Faccio questo lavoro da ormai 15 anni, ho iniziato facendo delle consulenze per dei campi da golf poi tramite alcune conoscenze mi sono avvicinato al mondo del calcio che mi ha sempre affascinato. Pensare che alle superiori ho studiato da geometra! Poi la passione ha voluto che iniziassi ad informarmi e a studiare: così ho iniziato a fare dei corsi di specializzazione, ho frequentato l’IOG (Institute of Groundsmanship), che è la scuola di formazione di riferimento per gli operatori del settore. Ha sede in Inghilterra, fuori Northampton. Come in tutti i lavori, non si finisce mai di imparare così, almeno una volta al mese, vado ad aggiornarmi, ogni volta in uno stadio diverso, sempre in UK. Questo mi dà costantemente la possibilità di crescere. Ho seguito i rifacimenti di diversi stadi in Italia e in giro per il mondo.
Una delle ultime esperienze, forse la più particolare, è quella che ho vissuto in Arabia Saudita, a Gedda. Ero stato chiamato per una semplice consulenza, mi sono fermato là per due anni. La più grande soddisfazione è stata che, nemmeno a farlo apposta, quest’anno si è giocata proprio a Gedda la partita di Supercoppa: ho ricevuto davvero molti complimenti ancora a distanza di qualche anno.
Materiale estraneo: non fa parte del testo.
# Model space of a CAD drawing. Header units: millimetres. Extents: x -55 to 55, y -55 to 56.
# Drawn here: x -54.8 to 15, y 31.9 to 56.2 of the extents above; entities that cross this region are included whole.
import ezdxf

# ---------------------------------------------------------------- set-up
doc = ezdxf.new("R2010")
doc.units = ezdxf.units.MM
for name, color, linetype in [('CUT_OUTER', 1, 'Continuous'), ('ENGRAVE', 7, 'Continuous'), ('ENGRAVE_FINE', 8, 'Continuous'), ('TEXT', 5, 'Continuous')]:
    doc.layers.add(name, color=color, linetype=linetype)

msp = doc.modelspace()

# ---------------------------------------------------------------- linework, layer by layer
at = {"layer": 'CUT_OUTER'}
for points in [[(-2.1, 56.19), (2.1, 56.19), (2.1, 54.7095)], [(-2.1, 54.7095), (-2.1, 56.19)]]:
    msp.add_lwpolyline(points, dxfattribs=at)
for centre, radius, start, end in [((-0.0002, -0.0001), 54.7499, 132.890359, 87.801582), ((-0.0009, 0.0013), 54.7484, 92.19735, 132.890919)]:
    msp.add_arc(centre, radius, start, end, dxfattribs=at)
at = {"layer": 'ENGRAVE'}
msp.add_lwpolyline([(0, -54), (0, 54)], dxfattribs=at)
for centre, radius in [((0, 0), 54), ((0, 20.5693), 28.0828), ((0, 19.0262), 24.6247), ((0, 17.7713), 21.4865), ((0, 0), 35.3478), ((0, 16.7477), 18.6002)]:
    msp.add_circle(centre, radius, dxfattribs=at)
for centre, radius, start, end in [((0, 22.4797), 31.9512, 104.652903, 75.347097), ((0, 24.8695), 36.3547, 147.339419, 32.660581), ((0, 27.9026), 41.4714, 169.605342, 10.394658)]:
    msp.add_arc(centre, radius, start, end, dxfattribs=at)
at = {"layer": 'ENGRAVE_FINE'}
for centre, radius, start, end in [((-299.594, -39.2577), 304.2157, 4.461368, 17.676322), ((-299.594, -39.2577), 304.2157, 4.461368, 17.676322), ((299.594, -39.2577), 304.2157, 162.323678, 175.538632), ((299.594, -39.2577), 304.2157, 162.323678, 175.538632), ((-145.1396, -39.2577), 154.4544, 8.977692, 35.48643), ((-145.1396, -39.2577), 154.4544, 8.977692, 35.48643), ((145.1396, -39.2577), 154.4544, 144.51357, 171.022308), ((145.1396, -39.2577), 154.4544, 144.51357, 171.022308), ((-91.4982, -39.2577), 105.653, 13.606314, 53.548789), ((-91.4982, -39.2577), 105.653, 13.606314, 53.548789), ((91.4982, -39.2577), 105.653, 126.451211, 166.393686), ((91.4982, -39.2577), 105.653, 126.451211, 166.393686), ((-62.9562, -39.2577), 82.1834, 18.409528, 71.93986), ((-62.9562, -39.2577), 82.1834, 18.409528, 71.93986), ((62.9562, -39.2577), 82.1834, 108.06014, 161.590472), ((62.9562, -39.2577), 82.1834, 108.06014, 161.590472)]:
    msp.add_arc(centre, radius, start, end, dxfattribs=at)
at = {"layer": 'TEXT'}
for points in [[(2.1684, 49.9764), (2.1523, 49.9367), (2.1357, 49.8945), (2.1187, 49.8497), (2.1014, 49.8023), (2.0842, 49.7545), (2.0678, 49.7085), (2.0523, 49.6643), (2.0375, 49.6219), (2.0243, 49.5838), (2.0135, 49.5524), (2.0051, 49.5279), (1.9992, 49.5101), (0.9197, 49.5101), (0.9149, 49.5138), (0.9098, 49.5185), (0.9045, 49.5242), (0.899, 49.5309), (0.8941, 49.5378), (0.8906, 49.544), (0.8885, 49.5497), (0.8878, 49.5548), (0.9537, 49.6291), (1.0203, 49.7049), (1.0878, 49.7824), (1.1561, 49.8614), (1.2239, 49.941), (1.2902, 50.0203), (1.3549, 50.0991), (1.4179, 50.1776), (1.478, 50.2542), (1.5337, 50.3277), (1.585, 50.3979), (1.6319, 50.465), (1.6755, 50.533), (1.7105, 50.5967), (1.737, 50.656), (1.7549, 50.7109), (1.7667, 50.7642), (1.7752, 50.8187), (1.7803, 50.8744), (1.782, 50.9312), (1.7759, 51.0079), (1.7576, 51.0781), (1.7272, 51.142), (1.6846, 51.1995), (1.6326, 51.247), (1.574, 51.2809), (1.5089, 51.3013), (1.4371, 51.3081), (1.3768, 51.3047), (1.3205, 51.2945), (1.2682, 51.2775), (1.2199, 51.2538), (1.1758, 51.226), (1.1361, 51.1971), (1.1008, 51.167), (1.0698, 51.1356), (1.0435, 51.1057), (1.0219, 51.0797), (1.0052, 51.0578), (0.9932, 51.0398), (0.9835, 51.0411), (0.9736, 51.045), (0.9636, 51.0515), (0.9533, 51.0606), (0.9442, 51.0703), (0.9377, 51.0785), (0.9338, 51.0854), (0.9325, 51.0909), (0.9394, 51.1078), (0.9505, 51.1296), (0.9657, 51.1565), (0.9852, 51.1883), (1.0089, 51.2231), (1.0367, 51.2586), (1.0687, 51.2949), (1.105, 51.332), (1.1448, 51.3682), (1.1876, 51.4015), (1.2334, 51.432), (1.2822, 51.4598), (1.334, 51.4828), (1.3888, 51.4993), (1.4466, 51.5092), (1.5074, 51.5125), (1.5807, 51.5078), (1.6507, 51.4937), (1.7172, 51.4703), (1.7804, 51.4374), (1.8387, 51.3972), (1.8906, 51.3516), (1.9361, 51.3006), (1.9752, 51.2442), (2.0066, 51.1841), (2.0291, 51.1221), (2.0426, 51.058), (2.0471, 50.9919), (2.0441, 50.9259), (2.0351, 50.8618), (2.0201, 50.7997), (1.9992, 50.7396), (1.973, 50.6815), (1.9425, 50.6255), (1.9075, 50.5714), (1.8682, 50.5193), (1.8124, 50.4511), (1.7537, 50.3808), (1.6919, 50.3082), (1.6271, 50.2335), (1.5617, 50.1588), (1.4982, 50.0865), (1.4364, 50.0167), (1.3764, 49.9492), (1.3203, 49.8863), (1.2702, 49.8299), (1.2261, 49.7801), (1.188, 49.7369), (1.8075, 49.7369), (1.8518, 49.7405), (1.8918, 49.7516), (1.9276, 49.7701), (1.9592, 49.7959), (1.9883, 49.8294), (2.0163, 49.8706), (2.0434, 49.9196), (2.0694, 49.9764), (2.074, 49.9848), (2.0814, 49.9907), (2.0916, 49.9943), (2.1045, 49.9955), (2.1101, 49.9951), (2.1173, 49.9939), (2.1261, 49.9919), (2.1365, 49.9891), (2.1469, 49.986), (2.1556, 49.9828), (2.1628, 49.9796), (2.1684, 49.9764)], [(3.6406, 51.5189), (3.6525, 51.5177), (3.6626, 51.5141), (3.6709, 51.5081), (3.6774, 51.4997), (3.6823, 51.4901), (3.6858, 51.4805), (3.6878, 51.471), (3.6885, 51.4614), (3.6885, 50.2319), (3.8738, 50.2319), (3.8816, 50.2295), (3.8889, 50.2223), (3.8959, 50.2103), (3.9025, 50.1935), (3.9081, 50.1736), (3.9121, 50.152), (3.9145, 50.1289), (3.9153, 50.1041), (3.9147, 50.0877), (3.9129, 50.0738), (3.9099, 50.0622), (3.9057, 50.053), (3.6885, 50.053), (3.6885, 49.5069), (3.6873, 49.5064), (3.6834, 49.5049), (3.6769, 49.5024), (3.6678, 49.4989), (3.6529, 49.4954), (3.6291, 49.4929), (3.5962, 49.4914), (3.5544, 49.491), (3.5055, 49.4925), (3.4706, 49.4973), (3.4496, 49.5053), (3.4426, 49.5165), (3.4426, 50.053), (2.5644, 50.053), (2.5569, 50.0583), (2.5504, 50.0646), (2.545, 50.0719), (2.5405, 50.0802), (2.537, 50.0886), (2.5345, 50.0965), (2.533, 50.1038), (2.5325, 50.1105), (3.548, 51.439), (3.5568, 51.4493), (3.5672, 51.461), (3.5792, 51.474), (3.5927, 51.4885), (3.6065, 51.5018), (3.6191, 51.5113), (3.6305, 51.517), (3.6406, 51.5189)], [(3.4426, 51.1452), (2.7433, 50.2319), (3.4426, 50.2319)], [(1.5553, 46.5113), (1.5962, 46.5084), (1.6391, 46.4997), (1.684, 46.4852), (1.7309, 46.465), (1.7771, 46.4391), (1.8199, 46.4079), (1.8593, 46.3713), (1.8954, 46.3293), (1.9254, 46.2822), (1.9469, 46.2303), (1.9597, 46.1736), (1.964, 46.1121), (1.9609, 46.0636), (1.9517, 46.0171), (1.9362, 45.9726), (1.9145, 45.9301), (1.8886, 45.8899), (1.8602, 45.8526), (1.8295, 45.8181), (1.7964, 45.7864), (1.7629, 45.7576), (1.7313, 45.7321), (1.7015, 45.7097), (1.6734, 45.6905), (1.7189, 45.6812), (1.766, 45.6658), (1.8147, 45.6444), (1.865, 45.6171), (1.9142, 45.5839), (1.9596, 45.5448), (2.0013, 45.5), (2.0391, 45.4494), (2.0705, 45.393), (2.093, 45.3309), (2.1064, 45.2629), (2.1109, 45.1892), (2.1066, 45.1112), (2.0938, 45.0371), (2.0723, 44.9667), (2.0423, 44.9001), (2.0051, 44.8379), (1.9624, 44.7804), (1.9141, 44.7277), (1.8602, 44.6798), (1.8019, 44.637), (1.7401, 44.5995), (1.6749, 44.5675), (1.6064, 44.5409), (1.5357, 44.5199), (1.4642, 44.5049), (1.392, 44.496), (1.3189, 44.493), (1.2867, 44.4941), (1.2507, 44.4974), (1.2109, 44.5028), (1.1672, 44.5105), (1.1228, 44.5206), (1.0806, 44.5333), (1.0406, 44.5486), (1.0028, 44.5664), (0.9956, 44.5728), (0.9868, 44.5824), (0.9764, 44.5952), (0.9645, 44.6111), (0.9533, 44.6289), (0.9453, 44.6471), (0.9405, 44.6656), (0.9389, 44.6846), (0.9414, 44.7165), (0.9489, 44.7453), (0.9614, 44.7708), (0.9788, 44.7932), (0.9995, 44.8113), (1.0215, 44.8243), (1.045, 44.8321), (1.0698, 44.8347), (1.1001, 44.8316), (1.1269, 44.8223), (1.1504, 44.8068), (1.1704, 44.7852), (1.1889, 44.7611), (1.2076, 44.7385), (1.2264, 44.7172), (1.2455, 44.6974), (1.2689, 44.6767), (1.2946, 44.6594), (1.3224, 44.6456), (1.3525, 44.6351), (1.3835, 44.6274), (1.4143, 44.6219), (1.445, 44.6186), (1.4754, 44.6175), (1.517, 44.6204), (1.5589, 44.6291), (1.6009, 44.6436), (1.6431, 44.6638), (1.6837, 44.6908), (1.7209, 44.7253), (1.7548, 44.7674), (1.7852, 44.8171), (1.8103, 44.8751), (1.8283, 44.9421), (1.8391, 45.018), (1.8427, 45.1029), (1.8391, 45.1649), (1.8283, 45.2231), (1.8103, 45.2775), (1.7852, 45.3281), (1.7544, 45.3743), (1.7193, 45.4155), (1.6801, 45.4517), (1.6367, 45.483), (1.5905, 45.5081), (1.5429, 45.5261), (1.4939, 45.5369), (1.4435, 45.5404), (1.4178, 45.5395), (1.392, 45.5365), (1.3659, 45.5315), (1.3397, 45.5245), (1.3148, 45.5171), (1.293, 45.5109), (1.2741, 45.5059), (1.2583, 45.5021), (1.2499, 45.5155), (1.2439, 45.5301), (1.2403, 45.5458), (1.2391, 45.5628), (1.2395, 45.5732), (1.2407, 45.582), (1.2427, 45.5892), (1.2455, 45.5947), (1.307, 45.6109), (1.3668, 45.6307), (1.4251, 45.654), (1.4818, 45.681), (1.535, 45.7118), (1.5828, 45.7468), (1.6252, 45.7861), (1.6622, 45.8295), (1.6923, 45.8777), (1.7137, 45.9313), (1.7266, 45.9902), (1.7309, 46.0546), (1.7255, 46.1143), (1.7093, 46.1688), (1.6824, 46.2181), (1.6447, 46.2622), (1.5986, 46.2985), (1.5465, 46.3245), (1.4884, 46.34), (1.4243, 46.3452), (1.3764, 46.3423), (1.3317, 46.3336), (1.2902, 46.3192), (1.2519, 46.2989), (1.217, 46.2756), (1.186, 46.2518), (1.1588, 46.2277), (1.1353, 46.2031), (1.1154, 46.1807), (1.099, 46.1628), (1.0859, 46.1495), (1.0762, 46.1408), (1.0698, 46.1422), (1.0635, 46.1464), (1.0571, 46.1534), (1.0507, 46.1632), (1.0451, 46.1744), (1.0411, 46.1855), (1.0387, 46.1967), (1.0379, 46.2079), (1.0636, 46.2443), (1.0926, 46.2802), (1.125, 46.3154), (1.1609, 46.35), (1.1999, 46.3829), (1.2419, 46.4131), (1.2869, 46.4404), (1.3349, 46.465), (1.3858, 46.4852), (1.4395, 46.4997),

Il pitch manager si sveglia la mattina e…?
Guarda fuori dalla finestra per vedere come è il tempo. Il pensiero costante va ai campi. Lavoriamo con un prodotto vivo, in continua evoluzione e che dipende solo in parte dal nostro lavoro, anche se cerchiamo di ridurre al minimo l’imprevedibilità. Ogni settimana abbiamo un obiettivo, una sfida, quella della partita di campionato alla domenica, che ogni volta mette a dura prova il manto.
Devo ovviamente organizzare il lavoro, mio e dei tre giardinieri che lavorano per me, con tutte le difficoltà del meteo con il quale combattiamo tutti i giorni: pioggia, neve, caldo, gelo…una giornata storta può vanificare settimane di lavoro.
L’obiettivo è alzare la qualità media dei campi, per permettere ad una squadra di Serie A di allenarsi su un terreno che sia il più possibile uniforme durante tutto l’anno. È facile per tutti avere un campo bello a maggio, provate a far crescere qualcosa con le temperature sotto lo zero.
Prima di arrivare a Udine, dove eri?
Prima di Udine ero a Verona. Il lavoro che abbiamo fatto bene là ci ha permesso di arrivare qui. I dirigenti dell’Udinese sono rimasti impressionati lo scorso anno nel vedere come era il campo in quel freddissimo febbraio. Si sono incuriositi. Ci siamo risentiti in primavera per la possibilità di cucire anche il campo della Dacia Arena e da agosto non ce ne siamo più andati. Abbiamo avuto da subito un bel da fare, anche i tifosi se ne ricorderanno.
A fine marzo ci sarà una sfida forse ancora più stimolante, la Nazionale italiana a Udine.
Sarà una grande sfida quella della Nazionale. È una nuova esperienza per me, sicuramente positiva. Lo stadio lo merita, la città lo merita e di conseguenza noi dovremmo fare la nostra parte per mantenere le aspettative di un impianto al top in tutti gli aspetti. Stiamo lavorando, già da lunedì scorso, su alcuni difetti che il campo porta con sé da tempo, sicuri che quando arriveranno gli azzurri troveranno un manto perfetto. Allo stesso modo stiamo rigenerando i campi di allenamento dopo l’inverno freddo che abbiamo passato.
Quindi meglio un campo da golf o uno da calcio?
Quello che dico sempre è che un campo da golf è grande circa 40/50 ettari, non per forza deve essere perfetto in ogni sua parte. I campi da calcio hanno circa 7200 metri quadri, li puoi abbracciare con un solo sguardo dalla tribuna. Qu però ogni filo d’erba, ogni piccola zolla può fare la differenza anche nel risultato di una partita. Per questo cerco di fare il mio lavoro al meglio.